He terminado la lectura de la biografía que sobre el célebre poeta norteamericano escribió Jerome Loving con el título “Walt Whitman: El canto a sí mismo” (Barcelona: Paidós, 2002, 506 págs.).

La lectura me devuelve a una de las raíces más importantes de mi niñez. Pues, en efecto, conocí a Walt Whitman en los tiempos en que leía asiduamente paquines cómicos. Una colección de figuras ilustres llegó a mis manos en mi temprana adolescencia, y uno de los títulos me habló sobre Whitman y sus hojas de hierba.

A pesar de que Whitman nace en 1819, el libro de Loving comienza curiosamente en el 1862, durante la Guerra Civil Norteamericana. El repaso de la infancia pobre de quien fue hijo de inmigrantes europeos, la realiza el autor en el segundo capítulo, someramente. Fruto de una abreviada temporada en las escuelas públicas, ya a los once años sale del aula para retornar algunos años más tarde como maestro, ocupación en la que permanece apenas un lustro. El periodismo habría de ser –aparte, claro está, de su vocación de poeta– su actividad más constante. No hablamos, por lo tanto, solo de un poeta, sino de un autor con una obra ensayística y periodística abundante. De acuerdo a Loving, el ensayo conformará en buena medida el ritmo extendido del verso característico de Whitman, hecho que ocurre ya a principios de los 40 y coincidiendo con su conocimiento de la filosofía de Emerson que confluirá con gran parte de su visión poética.

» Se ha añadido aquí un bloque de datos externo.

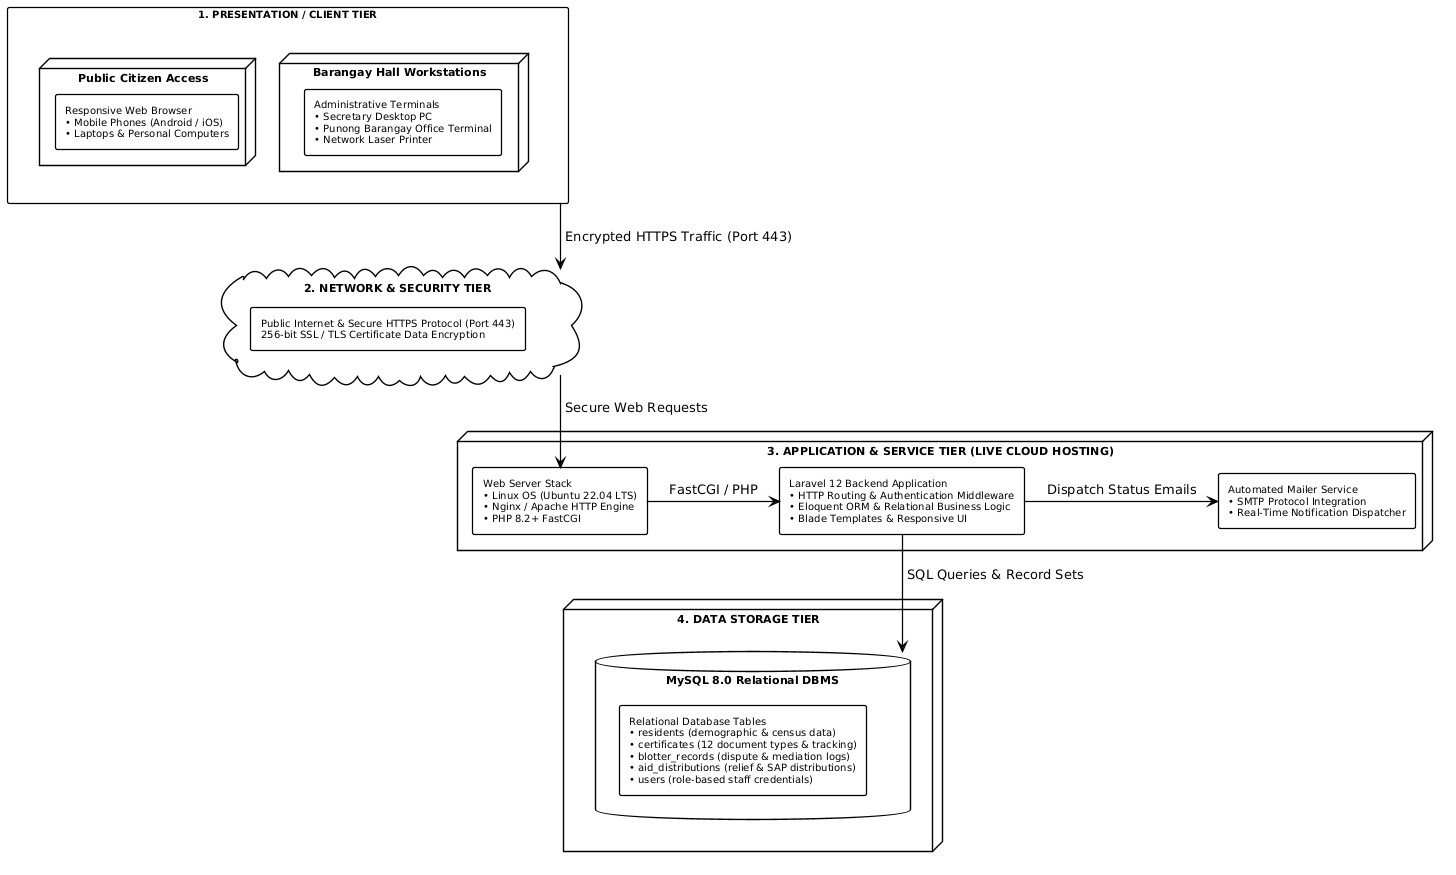

The diagram above was rendered by PlantUML. Its source (embedded in the PNG):
@startuml
skinparam defaultFontName "Segoe UI"
skinparam shadowing false
skinparam monochrome true
skinparam roundCorner 4
skinparam ArrowColor #000000
skinparam ArrowThickness 1.3
skinparam DefaultFontColor #000000


skinparam node {
    BackgroundColor #FFFFFF
    BorderColor #000000
    BorderThickness 1.4
    FontColor #000000
    FontSize 11
    FontStyle bold
}

skinparam rectangle {
    BackgroundColor #FFFFFF
    BorderColor #000000
    BorderThickness 1.3
    FontColor #000000
    FontSize 10
}

skinparam cloud {
    BackgroundColor #FFFFFF
    BorderColor #000000
    BorderThickness 1.4
    FontColor #000000
    FontSize 11
    FontStyle bold
}

skinparam database {
    BackgroundColor #FFFFFF
    BorderColor #000000
    BorderThickness 1.4
    FontColor #000000
    FontSize 11
    FontStyle bold
}

rectangle "1. PRESENTATION / CLIENT TIER" as ClientTier {
    node "Public Citizen Access" as CitizenDev {
        rectangle "Responsive Web Browser\n• Mobile Phones (Android / iOS)\n• Laptops & Personal Computers" as CitizenApp
    }
    
    node "Barangay Hall Workstations" as AdminDev {
        rectangle "Administrative Terminals\n• Secretary Desktop PC\n• Punong Barangay Office Terminal\n• Network Laser Printer" as AdminApp
    }
}

cloud "2. NETWORK & SECURITY TIER" as Internet {
    rectangle "Public Internet & Secure HTTPS Protocol (Port 443)\n256-bit SSL / TLS Certificate Data Encryption" as SecurityLayer
}

node "3. APPLICATION & SERVICE TIER (LIVE CLOUD HOSTING)" as CloudServer {
    rectangle "Web Server Stack\n• Linux OS (Ubuntu 22.04 LTS)\n• Nginx / Apache HTTP Engine\n• PHP 8.2+ FastCGI" as WebServer
    
    rectangle "Laravel 12 Backend Application\n• HTTP Routing & Authentication Middleware\n• Eloquent ORM & Relational Business Logic\n• Blade Templates & Responsive UI" as AppLayer
    
    rectangle "Automated Mailer Service\n• SMTP Protocol Integration\n• Real-Time Notification Dispatcher" as MailService
}

node "4. DATA STORAGE TIER" as DBTier {
    database "MySQL 8.0 Relational DBMS" as MySQL {
        rectangle "Relational Database Tables\n• residents (demographic & census data)\n• certificates (12 document types & tracking)\n• blotter_records (dispute & mediation logs)\n• aid_distributions (relief & SAP distributions)\n• users (role-based staff credentials)" as Tables
    }
}

ClientTier -down-> Internet : " Encrypted HTTPS Traffic (Port 443) "
Internet -down-> WebServer : " Secure Web Requests "
WebServer -right-> AppLayer : " FastCGI / PHP "
AppLayer -right-> MailService : " Dispatch Status Emails "
AppLayer -down-> MySQL : " SQL Queries & Record Sets "
@enduml

La primera edición de “Hojas de hierba” es de 1855. A partir de entonces, Whitman reconformará, ampliando, suprimiendo y modificando la obra inicial casi hasta su muerte en una serie sucesiva de ediciones. Si bien fue ignorado al principio, las ediciones subsiguientes del libro biblia de Whitman irán adquiriendo cada vez mayor penetración y resonancia. Si bien gozará en vida de un alto prestigio y reconocimiento a ambos lados del Atlántico, también se verá obligado a sufrir el ataque continuo de quienes consideraban su obra obscena por las libertades en el terreno sexual y por la lectura homosexual que algunos hicieron de parte de su obra.

Extensa ha sido la repercusión y profunda la influencia de la obra poética de Whitman. Artífice quizás principal del verso libre que la vanguardia difundirá por el mundo a comienzos del siglo XX, la razón poética de Whitman encontrará ecos innumerables en las literaturas de la lengua hispánica. Martí se ocupará de valorar la obra del poeta en un ensayo temprano publicado en 1887. (Whitman muere en 1892.) Sabido es cómo Lorca reacciona y se libera tras su contacto con la obra de Whitman al visitar Nueva York. León Felipe traduce a su manera el “Canto a mí mismo” y su propio verso abandona la fina delicadeza de sus canciones de caminante para adoptar en su lugar el verso de largo aliento. Neruda mismo, tendrá un retrato de Whitman de cuerpo entero y tamaño real en su casa de Valparaíso. Pero el retrato más patente quedó cernido en la madeja de versos de sus odas llenas de arenas, naufragios y palomas. 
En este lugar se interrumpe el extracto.